Among the shocking changes
demanded by the US is the removal of any mention of the Millennium Development
Goals (MDGs), which has been the UN’s flagship concept and project in
the past five years.
The MDGs
is a pledge by countries to halve poverty and hunger, cut child mortality
by two-thirds and maternal mortality by three-quarters, reverse the spread
of AIDs and other diseases by 2015.
The MDGs
also seek to protect the environment and have a global partnership to
increase aid, reduce debt and enhance fair trade relations.
The US move
to eradicate all references to the MDGs is taken as a major sin for believers
in the UN’s development role.
The US also
seeks to remove references to rich countries providing 0.7% of the national
income as aid, the need for additional initiatives to ensure debt-sustainability,
and to help developing countries overcome volatile commodity prices.
The US also
proposed to exclude references on actions on climate change under the
Kyoto Protocol, to the International Criminal Court (which it has refused
to join). It opposed language that urges the five permanent members
of the Security Council not to cast vetoes to halt genocide, war crimes
or ethnic cleansing.
According
to Phyllis Bennis of the Washington-based Institute for Policy Studies,
the proposal puts at great risk the Nuclear Non-Proliferation Treaty.
The draft referred to the NPT's "three pillars: disarmament, non-proliferation
and the peaceful use of nuclear energy."
That means that states without nuclear weapons would agree never to obtain
them, but in return they would be guaranteed the right to produce nuclear
energy for peaceful use. In return, recognized nuclear weapons states
would commit, in Article VI of the NPT, to move toward "nuclear disarmament
with the objective of eliminating all such weapons."
The proposed US changes deleted all references to the three pillars and
to Article VI. The US deleted the statement that: "The use of force
should be considered as
an instrument of last resort."
According to Bennis, much of the US effort aims to undermine the power
of the UN in favour of absolute national sovereignty. On migration, for
instance, the original language focused on enhancing international cooperation.
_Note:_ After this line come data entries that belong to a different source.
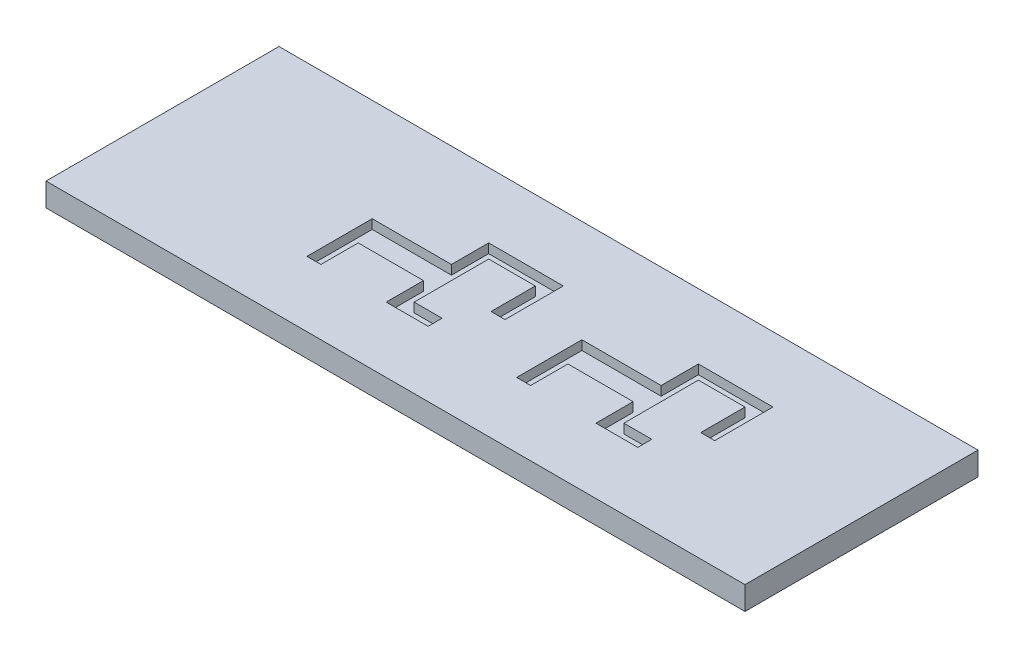
ISO-10303-21;
HEADER;
FILE_DESCRIPTION(('STEP AP214'),'2;1');
FILE_NAME('part.step','',(''),(''),'','','');
FILE_SCHEMA(('AUTOMOTIVE_DESIGN { 1 0 10303 214 1 1 1 1 }'));
ENDSEC;
DATA;
#1=APPLICATION_CONTEXT('core data for automotive mechanical design processes');
#2=APPLICATION_PROTOCOL_DEFINITION('international standard','automotive_design',2000,#1);
#3=PRODUCT_CONTEXT('',#1,'mechanical');
#4=PRODUCT('Part','Part','',(#3));
#5=PRODUCT_RELATED_PRODUCT_CATEGORY('part','',(#4));
#6=PRODUCT_DEFINITION_FORMATION('','',#4);
#7=PRODUCT_DEFINITION_CONTEXT('part definition',#1,'design');
#8=PRODUCT_DEFINITION('design','',#6,#7);
#9=PRODUCT_DEFINITION_SHAPE('','',#8);
#10=(LENGTH_UNIT() NAMED_UNIT(*) SI_UNIT(.MILLI.,.METRE.));
#11=(NAMED_UNIT(*) PLANE_ANGLE_UNIT() SI_UNIT($,.RADIAN.));
#12=(NAMED_UNIT(*) SI_UNIT($,.STERADIAN.) SOLID_ANGLE_UNIT());
#13=UNCERTAINTY_MEASURE_WITH_UNIT(LENGTH_MEASURE(1.E-05),#10,'distance_accuracy_value','');
#14=(GEOMETRIC_REPRESENTATION_CONTEXT(3) GLOBAL_UNCERTAINTY_ASSIGNED_CONTEXT((#13)) GLOBAL_UNIT_ASSIGNED_CONTEXT((#10,
#11,#12)) REPRESENTATION_CONTEXT('',''));
#15=CARTESIAN_POINT('',(0.,0.,0.));
#16=DIRECTION('',(0.,0.,1.));
#17=DIRECTION('',(1.,0.,0.));
#18=AXIS2_PLACEMENT_3D('',#15,#16,#17);
#19=CARTESIAN_POINT('',(37.5,2.5,12.5));
#20=DIRECTION('',(-1.,0.,0.));
#21=DIRECTION('',(0.,0.,1.));
#22=AXIS2_PLACEMENT_3D('',#19,#20,#21);
#23=PLANE('',#22);
#24=DIRECTION('',(0.,0.,-1.));
#25=VECTOR('',#24,1.);
#26=CARTESIAN_POINT('',(37.5,0.,12.5));
#27=LINE('',#26,#25);
#28=CARTESIAN_POINT('',(37.5,0.,12.5));
#29=VERTEX_POINT('',#28);
#30=CARTESIAN_POINT('',(37.5,0.,-12.5));
#31=VERTEX_POINT('',#30);
#32=EDGE_CURVE('E545',#29,#31,#27,.T.);
#33=ORIENTED_EDGE('',*,*,#32,.T.);
#34=DIRECTION('',(0.,-1.,0.));
#35=VECTOR('',#34,1.);
#36=CARTESIAN_POINT('',(37.5,2.5,-12.5));
#37=LINE('',#36,#35);
#38=CARTESIAN_POINT('',(37.5,2.5,-12.5));
#39=VERTEX_POINT('',#38);
#40=EDGE_CURVE('E12',#39,#31,#37,.T.);
#41=ORIENTED_EDGE('',*,*,#40,.F.);
#42=DIRECTION('',(0.,0.,-1.));
#43=VECTOR('',#42,1.);
#44=CARTESIAN_POINT('',(37.5,2.5,12.5));
#45=LINE('',#44,#43);
#46=CARTESIAN_POINT('',(37.5,2.5,12.5));
#47=VERTEX_POINT('',#46);
#48=EDGE_CURVE('E575',#47,#39,#45,.T.);
#49=ORIENTED_EDGE('',*,*,#48,.F.);
#50=DIRECTION('',(0.,-1.,0.));
#51=VECTOR('',#50,1.);
#52=CARTESIAN_POINT('',(37.5,2.5,12.5));
#53=LINE('',#52,#51);
#54=EDGE_CURVE('E585',#47,#29,#53,.T.);
#55=ORIENTED_EDGE('',*,*,#54,.T.);
#56=EDGE_LOOP('',(#33,#41,#49,#55));
#57=FACE_BOUND('',#56,.T.);
#58=ADVANCED_FACE('F93',(#57),#23,.F.);
#59=CARTESIAN_POINT('',(-37.5,2.5,-12.5));
#60=DIRECTION('',(0.,0.,1.));
#61=DIRECTION('',(1.,0.,0.));
#62=AXIS2_PLACEMENT_3D('',#59,#60,#61);
#63=PLANE('',#62);
#64=DIRECTION('',(-1.,0.,0.));
#65=VECTOR('',#64,1.);
#66=CARTESIAN_POINT('',(-37.5,0.,-12.5));
#67=LINE('',#66,#65);
#68=CARTESIAN_POINT('',(-37.5,0.,-12.5));
#69=VERTEX_POINT('',#68);
#70=EDGE_CURVE('E588',#31,#69,#67,.T.);
#71=ORIENTED_EDGE('',*,*,#70,.T.);
#72=DIRECTION('',(0.,-1.,0.));
#73=VECTOR('',#72,1.);
#74=CARTESIAN_POINT('',(-37.5,2.5,-12.5));
#75=LINE('',#74,#73);
#76=CARTESIAN_POINT('',(-37.5,2.5,-12.5));
#77=VERTEX_POINT('',#76);
#78=EDGE_CURVE('E100',#77,#69,#75,.T.);
#79=ORIENTED_EDGE('',*,*,#78,.F.);
#80=DIRECTION('',(-1.,0.,0.));
#81=VECTOR('',#80,1.);
#82=CARTESIAN_POINT('',(-37.5,2.5,-12.5));
#83=LINE('',#82,#81);
#84=EDGE_CURVE('E578',#39,#77,#83,.T.);
#85=ORIENTED_EDGE('',*,*,#84,.F.);
#86=ORIENTED_EDGE('',*,*,#40,.T.);
#87=EDGE_LOOP('',(#71,#79,#85,#86));
#88=FACE_BOUND('',#87,.T.);
#89=ADVANCED_FACE('F617',(#88),#63,.F.);
#90=CARTESIAN_POINT('',(-37.5,2.5,12.5));
#91=DIRECTION('',(1.,0.,0.));
#92=DIRECTION('',(0.,0.,-1.));
#93=AXIS2_PLACEMENT_3D('',#90,#91,#92);
#94=PLANE('',#93);
#95=DIRECTION('',(0.,0.,1.));
#96=VECTOR('',#95,1.);
#97=CARTESIAN_POINT('',(-37.5,0.,12.5));
#98=LINE('',#97,#96);
#99=CARTESIAN_POINT('',(-37.5,0.,12.5));
#100=VERTEX_POINT('',#99);
#101=EDGE_CURVE('E590',#69,#100,#98,.T.);
#102=ORIENTED_EDGE('',*,*,#101,.T.);
#103=DIRECTION('',(0.,-1.,0.));
#104=VECTOR('',#103,1.);
#105=CARTESIAN_POINT('',(-37.5,2.5,12.5));
#106=LINE('',#105,#104);
#107=CARTESIAN_POINT('',(-37.5,2.5,12.5));
#108=VERTEX_POINT('',#107);
#109=EDGE_CURVE('E595',#108,#100,#106,.T.);
#110=ORIENTED_EDGE('',*,*,#109,.F.);
#111=DIRECTION('',(0.,0.,1.));
#112=VECTOR('',#111,1.);
#113=CARTESIAN_POINT('',(-37.5,2.5,12.5));
#114=LINE('',#113,#112);
#115=EDGE_CURVE('E581',#77,#108,#114,.T.);
#116=ORIENTED_EDGE('',*,*,#115,.F.);
#117=ORIENTED_EDGE('',*,*,#78,.T.);
#118=EDGE_LOOP('',(#102,#110,#116,#117));
#119=FACE_BOUND('',#118,.T.);
#120=ADVANCED_FACE('F602',(#119),#94,.F.);
#121=CARTESIAN_POINT('',(-37.5,2.5,12.5));
#122=DIRECTION('',(0.,0.,-1.));
#123=DIRECTION('',(-1.,0.,0.));
#124=AXIS2_PLACEMENT_3D('',#121,#122,#123);
#125=PLANE('',#124);
#126=DIRECTION('',(1.,0.,0.));
#127=VECTOR('',#126,1.);
#128=CARTESIAN_POINT('',(-37.5,0.,12.5));
#129=LINE('',#128,#127);
#130=EDGE_CURVE('E579',#100,#29,#129,.T.);
#131=ORIENTED_EDGE('',*,*,#130,.T.);
#132=ORIENTED_EDGE('',*,*,#54,.F.);
#133=DIRECTION('',(1.,0.,0.));
#134=VECTOR('',#133,1.);
#135=CARTESIAN_POINT('',(-37.5,2.5,12.5));
#136=LINE('',#135,#134);
#137=EDGE_CURVE('E583',#108,#47,#136,.T.);
#138=ORIENTED_EDGE('',*,*,#137,.F.);
#139=ORIENTED_EDGE('',*,*,#109,.T.);
#140=EDGE_LOOP('',(#131,#132,#138,#139));
#141=FACE_BOUND('',#140,.T.);
#142=ADVANCED_FACE('F611',(#141),#125,.F.);
#143=CARTESIAN_POINT('',(0.,2.5,0.));
#144=DIRECTION('',(0.,-1.,0.));
#145=DIRECTION('',(0.,0.,-1.));
#146=AXIS2_PLACEMENT_3D('',#143,#144,#145);
#147=PLANE('',#146);
#148=DIRECTION('',(0.,0.,1.));
#149=VECTOR('',#148,1.);
#150=CARTESIAN_POINT('',(-1.49999999999999,2.5,-4.));
#151=LINE('',#150,#149);
#152=CARTESIAN_POINT('',(-1.49999999999999,2.5,-4.));
#153=VERTEX_POINT('',#152);
#154=CARTESIAN_POINT('',(-1.49999999999999,2.5,0.75));
#155=VERTEX_POINT('',#154);
#156=EDGE_CURVE('E341',#153,#155,#151,.T.);
#157=ORIENTED_EDGE('',*,*,#156,.F.);
#158=DIRECTION('',(1.,0.,0.));
#159=VECTOR('',#158,1.);
#160=CARTESIAN_POINT('',(0.,2.5,-4.));
#161=LINE('',#160,#159);
#162=CARTESIAN_POINT('',(-6.49999999999999,2.5,-4.));
#163=VERTEX_POINT('',#162);
#164=EDGE_CURVE('E395',#163,#153,#161,.T.);
#165=ORIENTED_EDGE('',*,*,#164,.F.);
#166=DIRECTION('',(0.,0.,-1.));
#167=VECTOR('',#166,1.);
#168=CARTESIAN_POINT('',(-6.49999999999999,2.5,0.));
#169=LINE('',#168,#167);
#170=CARTESIAN_POINT('',(-6.49999999999999,2.5,4.));
#171=VERTEX_POINT('',#170);
#172=EDGE_CURVE('E398',#171,#163,#169,.T.);
#173=ORIENTED_EDGE('',*,*,#172,.F.);
#174=DIRECTION('',(1.,0.,0.));
#175=VECTOR('',#174,1.);
#176=CARTESIAN_POINT('',(0.,2.5,4.));
#177=LINE('',#176,#175);
#178=CARTESIAN_POINT('',(-3.49999999999999,2.5,4.));
#179=VERTEX_POINT('',#178);
#180=EDGE_CURVE('E401',#171,#179,#177,.T.);
#181=ORIENTED_EDGE('',*,*,#180,.T.);
#182=DIRECTION('',(0.,0.,1.));
#183=VECTOR('',#182,1.);
#184=CARTESIAN_POINT('',(-3.49999999999999,2.5,0.));
#185=LINE('',#184,#183);
#186=CARTESIAN_POINT('',(-3.49999999999999,2.5,5.5));
#187=VERTEX_POINT('',#186);
#188=EDGE_CURVE('E404',#179,#187,#185,.T.);
#189=ORIENTED_EDGE('',*,*,#188,.T.);
#190=DIRECTION('',(1.,0.,0.));
#191=VECTOR('',#190,1.);
#192=CARTESIAN_POINT('',(0.,2.5,5.5));
#193=LINE('',#192,#191);
#194=CARTESIAN_POINT('',(-7.99999999999999,2.5,5.5));
#195=VERTEX_POINT('',#194);
#196=EDGE_CURVE('E407',#195,#187,#193,.T.);
#197=ORIENTED_EDGE('',*,*,#196,.F.);
#198=DIRECTION('',(0.,0.,1.));
#199=VECTOR('',#198,1.);
#200=CARTESIAN_POINT('',(-7.99999999999999,2.5,0.));
#201=LINE('',#200,#199);
#202=CARTESIAN_POINT('',(-7.99999999999999,2.5,1.5));
#203=VERTEX_POINT('',#202);
#204=EDGE_CURVE('E410',#203,#195,#201,.T.);
#205=ORIENTED_EDGE('',*,*,#204,.F.);
#206=DIRECTION('',(1.,0.,0.));
#207=VECTOR('',#206,1.);
#208=CARTESIAN_POINT('',(0.,2.5,1.5));
#209=LINE('',#208,#207);
#210=CARTESIAN_POINT('',(-15.,2.5,1.5));
#211=VERTEX_POINT('',#210);
#212=EDGE_CURVE('E413',#211,#203,#209,.T.);
#213=ORIENTED_EDGE('',*,*,#212,.F.);
#214=DIRECTION('',(0.,0.,1.));
#215=VECTOR('',#214,1.);
#216=CARTESIAN_POINT('',(-15.,2.5,0.));
#217=LINE('',#216,#215);
#218=CARTESIAN_POINT('',(-15.,2.5,5.5));
#219=VERTEX_POINT('',#218);
#220=EDGE_CURVE('E416',#211,#219,#217,.T.);
#221=ORIENTED_EDGE('',*,*,#220,.T.);
#222=DIRECTION('',(1.,0.,0.));
#223=VECTOR('',#222,1.);
#224=CARTESIAN_POINT('',(0.,2.5,5.50000000000001));
#225=LINE('',#224,#223);
#226=CARTESIAN_POINT('',(-16.5,2.5,5.5));
#227=VERTEX_POINT('',#226);
#228=EDGE_CURVE('E419',#227,#219,#225,.T.);
#229=ORIENTED_EDGE('',*,*,#228,.F.);
#230=DIRECTION('',(0.,0.,-1.));
#231=VECTOR('',#230,1.);
#232=CARTESIAN_POINT('',(-16.5,2.5,0.));
#233=LINE('',#232,#231);
#234=CARTESIAN_POINT('',(-16.5,2.5,-1.5));
#235=VERTEX_POINT('',#234);
#236=EDGE_CURVE('E334',#227,#235,#233,.T.);
#237=ORIENTED_EDGE('',*,*,#236,.T.);
#238=DIRECTION('',(1.,0.,0.));
#239=VECTOR('',#238,1.);
#240=CARTESIAN_POINT('',(0.,2.5,-1.5));
#241=LINE('',#240,#239);
#242=CARTESIAN_POINT('',(-7.99999999999999,2.5,-1.5));
#243=VERTEX_POINT('',#242);
#244=EDGE_CURVE('E388',#235,#243,#241,.T.);
#245=ORIENTED_EDGE('',*,*,#244,.T.);
#246=DIRECTION('',(0.,0.,-1.));
#247=VECTOR('',#246,1.);
#248=CARTESIAN_POINT('',(-7.99999999999999,2.5,0.));
#249=LINE('',#248,#247);
#250=CARTESIAN_POINT('',(-7.99999999999999,2.5,-5.5));
#251=VERTEX_POINT('',#250);
#252=EDGE_CURVE('E391',#243,#251,#249,.T.);
#253=ORIENTED_EDGE('',*,*,#252,.T.);
#254=DIRECTION('',(1.,0.,0.));
#255=VECTOR('',#254,1.);
#256=CARTESIAN_POINT('',(0.,2.5,-5.5));
#257=LINE('',#256,#255);
#258=CARTESIAN_POINT('',(0.,2.5,-5.5));
#259=VERTEX_POINT('',#258);
#260=EDGE_CURVE('E348',#251,#259,#257,.T.);
#261=ORIENTED_EDGE('',*,*,#260,.T.);
#262=DIRECTION('',(0.,0.,1.));
#263=VECTOR('',#262,1.);
#264=CARTESIAN_POINT('',(0.,2.5,-4.));
#265=LINE('',#264,#263);
#266=CARTESIAN_POINT('',(0.,2.5,0.75));
#267=VERTEX_POINT('',#266);
#268=EDGE_CURVE('E330',#259,#267,#265,.T.);
#269=ORIENTED_EDGE('',*,*,#268,.T.);
#270=DIRECTION('',(-1.,0.,0.));
#271=VECTOR('',#270,1.);
#272=CARTESIAN_POINT('',(0.,2.5,0.75));
#273=LINE('',#272,#271);
#274=EDGE_CURVE('E337',#267,#155,#273,.T.);
#275=ORIENTED_EDGE('',*,*,#274,.T.);
#276=EDGE_LOOP('',(#157,#165,#173,#181,#189,#197,#205,#213,#221,#229,#237,#245,#253,#261,#269,#275));
#277=FACE_BOUND('',#276,.T.);
#278=DIRECTION('',(1.,0.,0.));
#279=VECTOR('',#278,1.);
#280=CARTESIAN_POINT('',(0.,2.5,-4.));
#281=LINE('',#280,#279);
#282=CARTESIAN_POINT('',(16.,2.5,-4.));
#283=VERTEX_POINT('',#282);
#284=CARTESIAN_POINT('',(21.,2.5,-4.));
#285=VERTEX_POINT('',#284);
#286=EDGE_CURVE('E499',#283,#285,#281,.T.);
#287=ORIENTED_EDGE('',*,*,#286,.F.);
#288=DIRECTION('',(0.,0.,-1.));
#289=VECTOR('',#288,1.);
#290=CARTESIAN_POINT('',(16.,2.5,0.));
#291=LINE('',#290,#289);
#292=CARTESIAN_POINT('',(16.,2.5,4.));
#293=VERTEX_POINT('',#292);
#294=EDGE_CURVE('E115',#293,#283,#291,.T.);
#295=ORIENTED_EDGE('',*,*,#294,.F.);
#296=DIRECTION('',(1.,0.,0.));
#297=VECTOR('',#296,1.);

The US replaces it with the sovereign right of states to formulate national
migration policies.
In the document's section on strengthening the UN, the US deleted all
mention of enhancing the UN's authority, focusing instead only on UN efficiency.
Regarding the General Assembly, the most democratic organ of the UN system,
the US deleted references to the Assembly's centrality, its role in codifying
international law, and, ultimately its authority.
”This is a declaration of US unilateralism, uncompromising and ascendant.
The US has issued an open threat to the 190 other UN member states, the
world’s people and the UN itself,” said Bennis.
Meanwhile, in a last ditch effort to save the Summit, the UN general Assembly
president has convened a small “core group” of 30 countries to go through
the draft and see if a new document can be accepted by all before the
Summit.
The group
will tackle seven priority issues: UN Secretariat reform, establishment
of a Human Rights Council, creation of a Peace Building Commission, disarmament
and non-proliferation, terrorism and the responsibility to protect civilians
under threat of genocide, ethnic cleansing and crimes against humanity.